◆ Task to complete ◆
One line at a time, check the entries below for the word "footprint", and copy each line that has it.

Material provided below:

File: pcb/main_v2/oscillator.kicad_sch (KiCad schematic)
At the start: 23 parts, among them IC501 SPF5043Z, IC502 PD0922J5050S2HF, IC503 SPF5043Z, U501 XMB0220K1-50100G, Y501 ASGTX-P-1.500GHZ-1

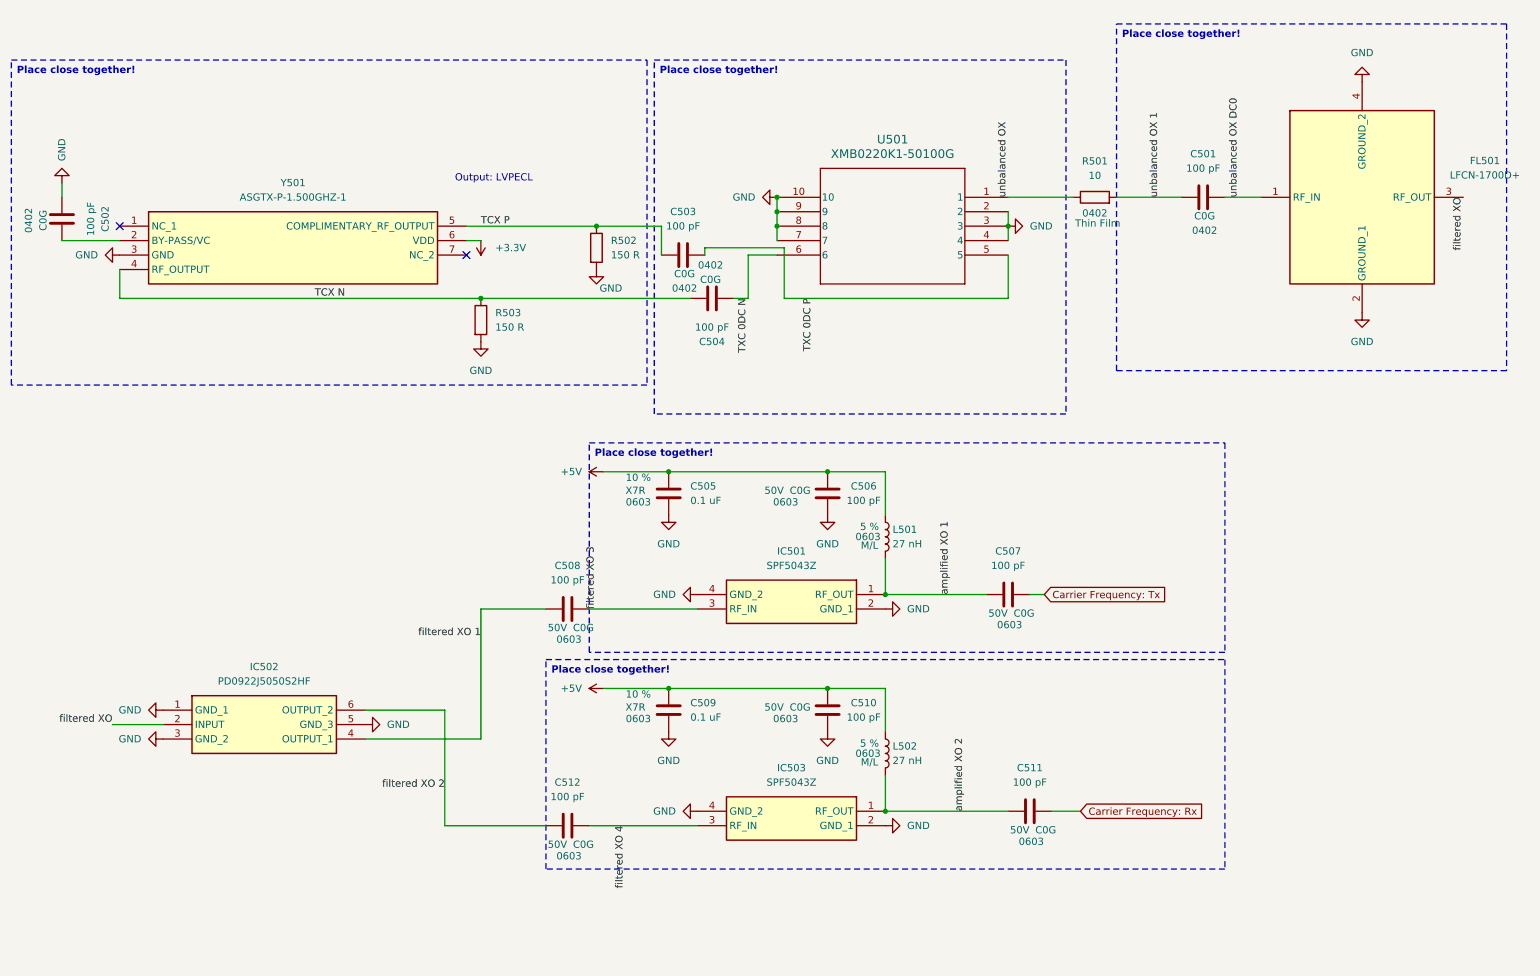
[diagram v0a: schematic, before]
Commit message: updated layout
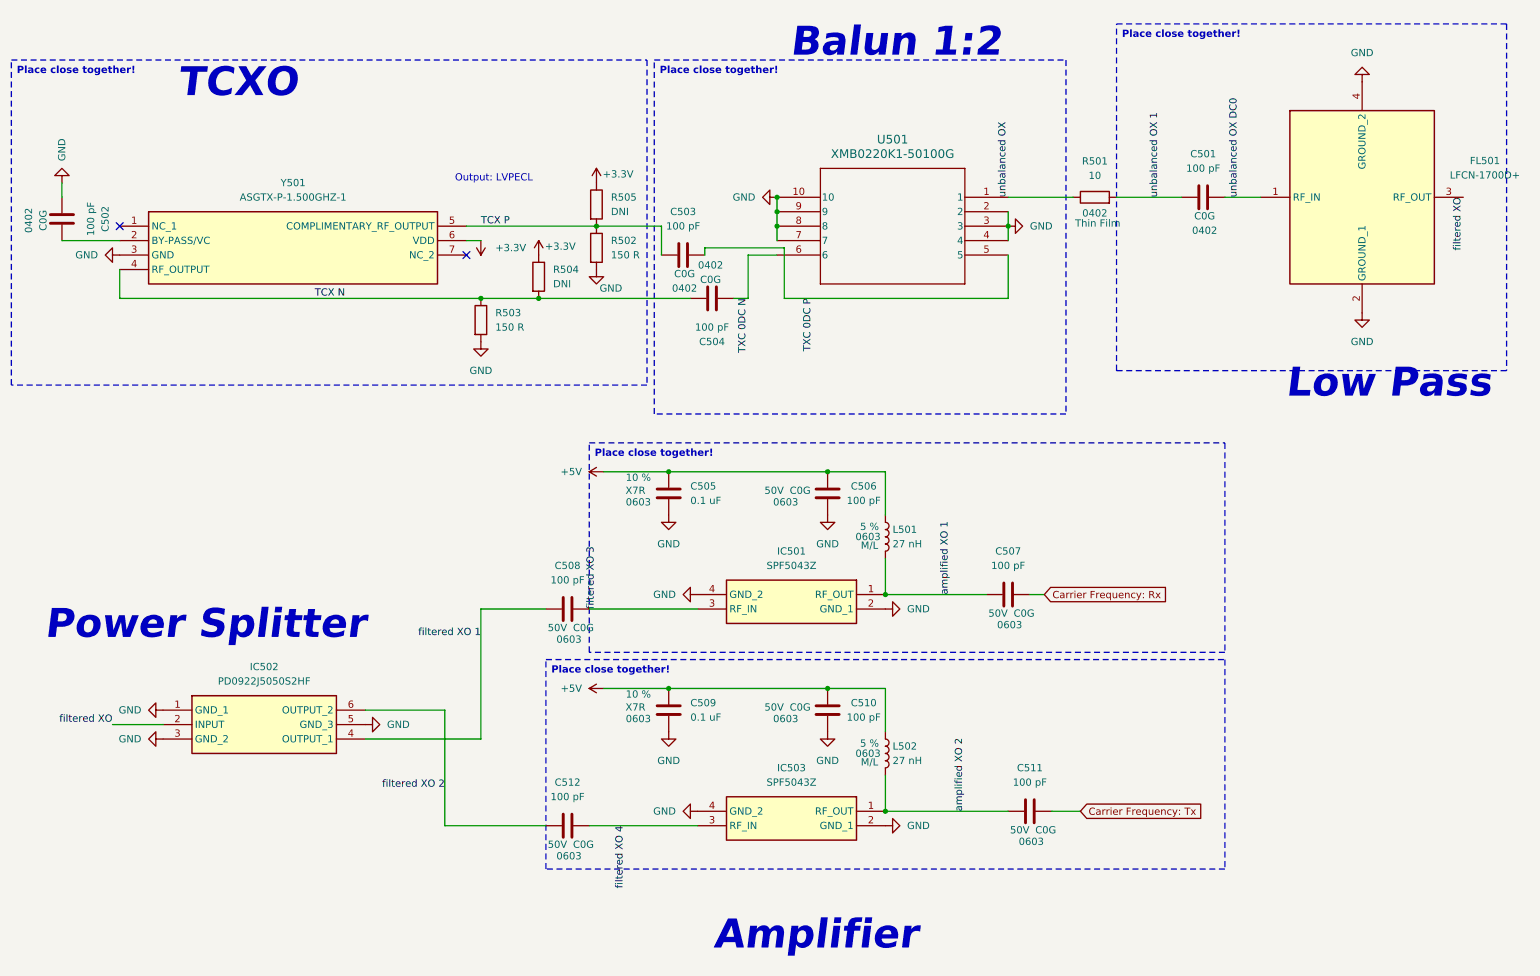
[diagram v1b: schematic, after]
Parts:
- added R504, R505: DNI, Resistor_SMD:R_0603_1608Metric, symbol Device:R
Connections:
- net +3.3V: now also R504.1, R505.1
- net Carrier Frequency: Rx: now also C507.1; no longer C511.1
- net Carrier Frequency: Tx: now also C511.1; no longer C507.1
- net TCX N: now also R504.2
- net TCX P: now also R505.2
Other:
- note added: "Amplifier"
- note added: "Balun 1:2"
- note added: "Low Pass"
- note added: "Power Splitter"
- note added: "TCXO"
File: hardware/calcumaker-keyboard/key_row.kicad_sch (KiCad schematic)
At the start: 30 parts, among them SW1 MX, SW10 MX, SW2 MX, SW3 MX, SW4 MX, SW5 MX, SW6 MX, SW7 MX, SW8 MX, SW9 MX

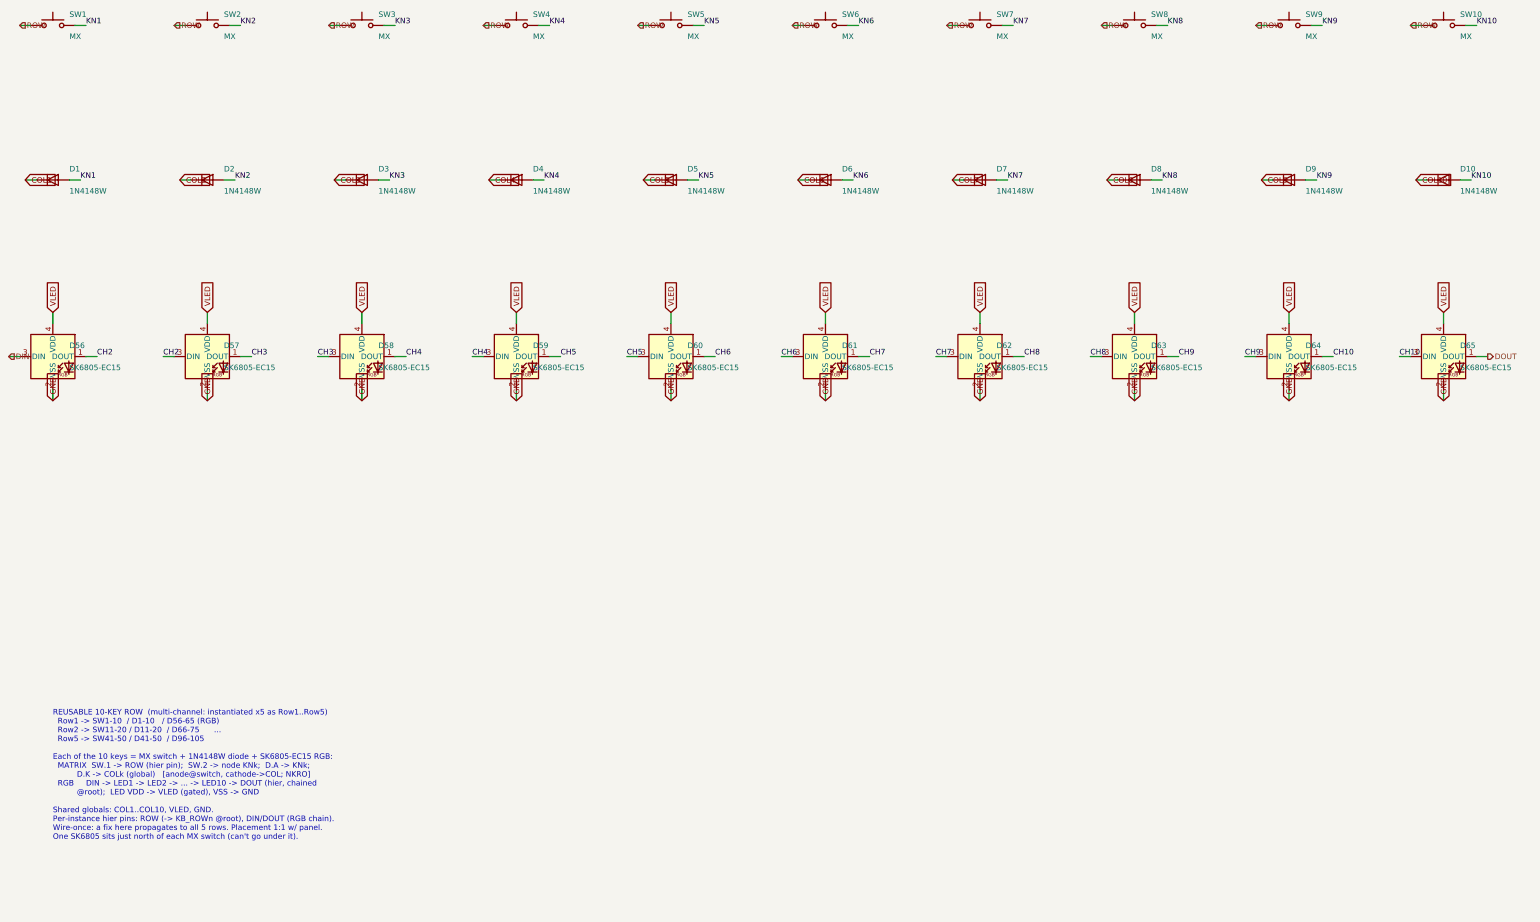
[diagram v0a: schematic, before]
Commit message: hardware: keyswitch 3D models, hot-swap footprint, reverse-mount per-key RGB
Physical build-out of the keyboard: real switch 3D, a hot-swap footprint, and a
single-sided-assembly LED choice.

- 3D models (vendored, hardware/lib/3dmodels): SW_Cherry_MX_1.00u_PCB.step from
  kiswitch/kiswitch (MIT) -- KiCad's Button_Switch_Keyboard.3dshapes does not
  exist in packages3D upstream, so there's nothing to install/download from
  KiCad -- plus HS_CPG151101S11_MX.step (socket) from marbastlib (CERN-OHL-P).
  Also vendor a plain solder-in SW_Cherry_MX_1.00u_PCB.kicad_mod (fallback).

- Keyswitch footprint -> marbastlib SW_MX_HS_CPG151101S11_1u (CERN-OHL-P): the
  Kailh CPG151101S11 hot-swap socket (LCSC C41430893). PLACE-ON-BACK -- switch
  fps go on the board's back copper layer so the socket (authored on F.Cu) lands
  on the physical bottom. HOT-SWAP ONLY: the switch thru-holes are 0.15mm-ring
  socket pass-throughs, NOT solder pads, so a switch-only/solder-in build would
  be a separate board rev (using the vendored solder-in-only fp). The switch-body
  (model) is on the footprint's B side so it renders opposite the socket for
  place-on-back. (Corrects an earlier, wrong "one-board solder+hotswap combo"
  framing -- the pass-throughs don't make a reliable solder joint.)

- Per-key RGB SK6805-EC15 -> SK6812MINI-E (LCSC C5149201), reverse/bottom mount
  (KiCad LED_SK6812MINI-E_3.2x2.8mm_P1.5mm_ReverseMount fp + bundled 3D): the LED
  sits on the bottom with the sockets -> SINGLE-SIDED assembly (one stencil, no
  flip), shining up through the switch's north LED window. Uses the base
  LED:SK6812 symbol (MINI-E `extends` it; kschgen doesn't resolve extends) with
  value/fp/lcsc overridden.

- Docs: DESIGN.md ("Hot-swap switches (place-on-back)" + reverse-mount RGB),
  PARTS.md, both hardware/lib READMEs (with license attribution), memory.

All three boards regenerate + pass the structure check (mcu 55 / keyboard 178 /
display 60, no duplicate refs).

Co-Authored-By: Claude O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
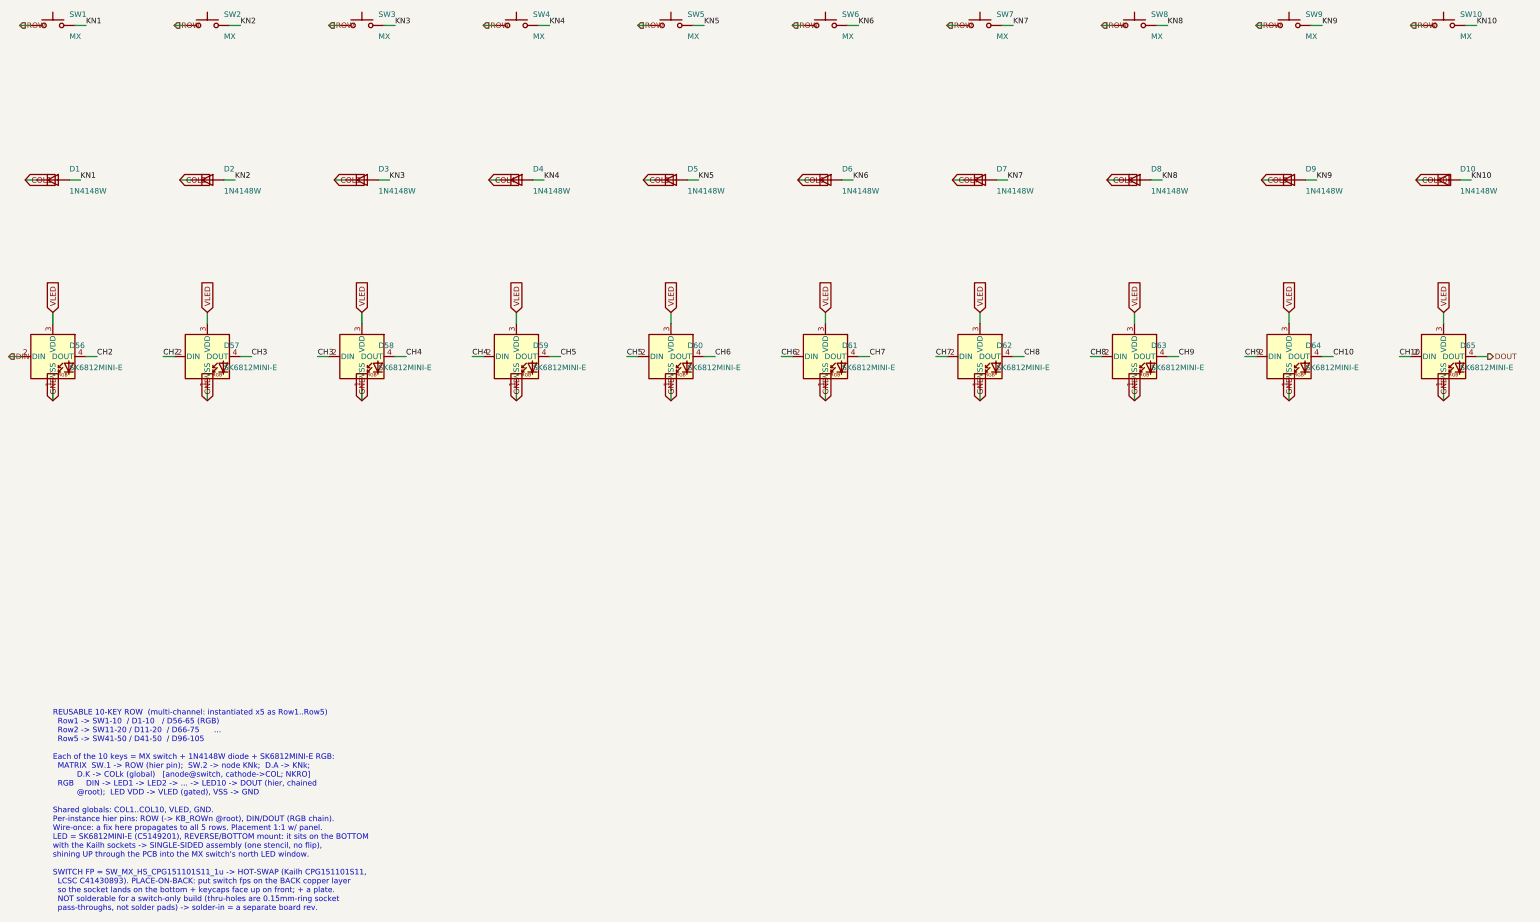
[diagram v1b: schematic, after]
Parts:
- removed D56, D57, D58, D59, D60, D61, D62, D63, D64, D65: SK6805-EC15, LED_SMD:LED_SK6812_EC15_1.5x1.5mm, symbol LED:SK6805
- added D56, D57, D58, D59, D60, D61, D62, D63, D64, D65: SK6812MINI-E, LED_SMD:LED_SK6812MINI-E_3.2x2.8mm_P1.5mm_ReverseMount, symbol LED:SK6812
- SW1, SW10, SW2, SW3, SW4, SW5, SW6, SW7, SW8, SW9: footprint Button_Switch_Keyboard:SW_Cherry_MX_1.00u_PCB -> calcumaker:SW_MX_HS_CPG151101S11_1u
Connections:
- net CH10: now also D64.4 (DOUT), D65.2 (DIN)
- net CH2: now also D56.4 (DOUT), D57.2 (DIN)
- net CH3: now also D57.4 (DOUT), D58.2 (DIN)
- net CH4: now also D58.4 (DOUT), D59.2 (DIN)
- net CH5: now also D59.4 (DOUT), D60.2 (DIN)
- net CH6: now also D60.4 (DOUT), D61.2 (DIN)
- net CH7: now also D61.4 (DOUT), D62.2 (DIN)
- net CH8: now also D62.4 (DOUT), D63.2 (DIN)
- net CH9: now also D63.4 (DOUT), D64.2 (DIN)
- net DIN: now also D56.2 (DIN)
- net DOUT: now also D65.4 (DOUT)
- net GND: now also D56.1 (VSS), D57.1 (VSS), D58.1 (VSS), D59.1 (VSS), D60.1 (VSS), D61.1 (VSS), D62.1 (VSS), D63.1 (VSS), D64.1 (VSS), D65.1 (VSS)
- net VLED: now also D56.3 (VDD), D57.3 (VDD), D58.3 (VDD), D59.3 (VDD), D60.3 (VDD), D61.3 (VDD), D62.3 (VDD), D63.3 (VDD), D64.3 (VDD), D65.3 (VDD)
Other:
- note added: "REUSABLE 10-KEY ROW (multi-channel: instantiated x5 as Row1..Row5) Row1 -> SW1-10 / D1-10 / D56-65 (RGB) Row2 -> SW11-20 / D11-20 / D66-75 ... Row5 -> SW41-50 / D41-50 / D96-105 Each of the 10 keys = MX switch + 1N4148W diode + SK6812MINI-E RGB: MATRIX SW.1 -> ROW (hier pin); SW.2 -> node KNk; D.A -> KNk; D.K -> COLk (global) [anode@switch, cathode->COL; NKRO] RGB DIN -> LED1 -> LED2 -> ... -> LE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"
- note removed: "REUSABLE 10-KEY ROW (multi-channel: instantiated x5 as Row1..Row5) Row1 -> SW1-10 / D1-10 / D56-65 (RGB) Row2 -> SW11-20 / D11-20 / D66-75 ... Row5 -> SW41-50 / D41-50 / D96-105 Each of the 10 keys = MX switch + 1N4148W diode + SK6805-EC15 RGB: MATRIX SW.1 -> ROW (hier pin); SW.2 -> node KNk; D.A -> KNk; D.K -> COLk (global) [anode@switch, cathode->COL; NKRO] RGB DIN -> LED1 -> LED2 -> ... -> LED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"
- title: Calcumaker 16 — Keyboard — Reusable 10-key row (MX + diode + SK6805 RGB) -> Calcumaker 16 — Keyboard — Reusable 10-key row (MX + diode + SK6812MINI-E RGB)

End of Material provided.

◆ Your solution ◆
Commit message: hardware: keyswitch 3D models, hot-swap footprint, reverse-mount per-key RGB
Physical build-out of the keyboard: real switch 3D, a hot-swap footprint, and a
- Keyswitch footprint -> marbastlib SW_MX_HS_CPG151101S11_1u (CERN-OHL-P): the
  (model) is on the footprint's B side so it renders opposite the socket for
- SW1, SW10, SW2, SW3, SW4, SW5, SW6, SW7, SW8, SW9: footprint Button_Switch_Keyboard:SW_Cherry_MX_1.00u_PCB -> calcumaker:SW_MX_HS_CPG151101S11_1u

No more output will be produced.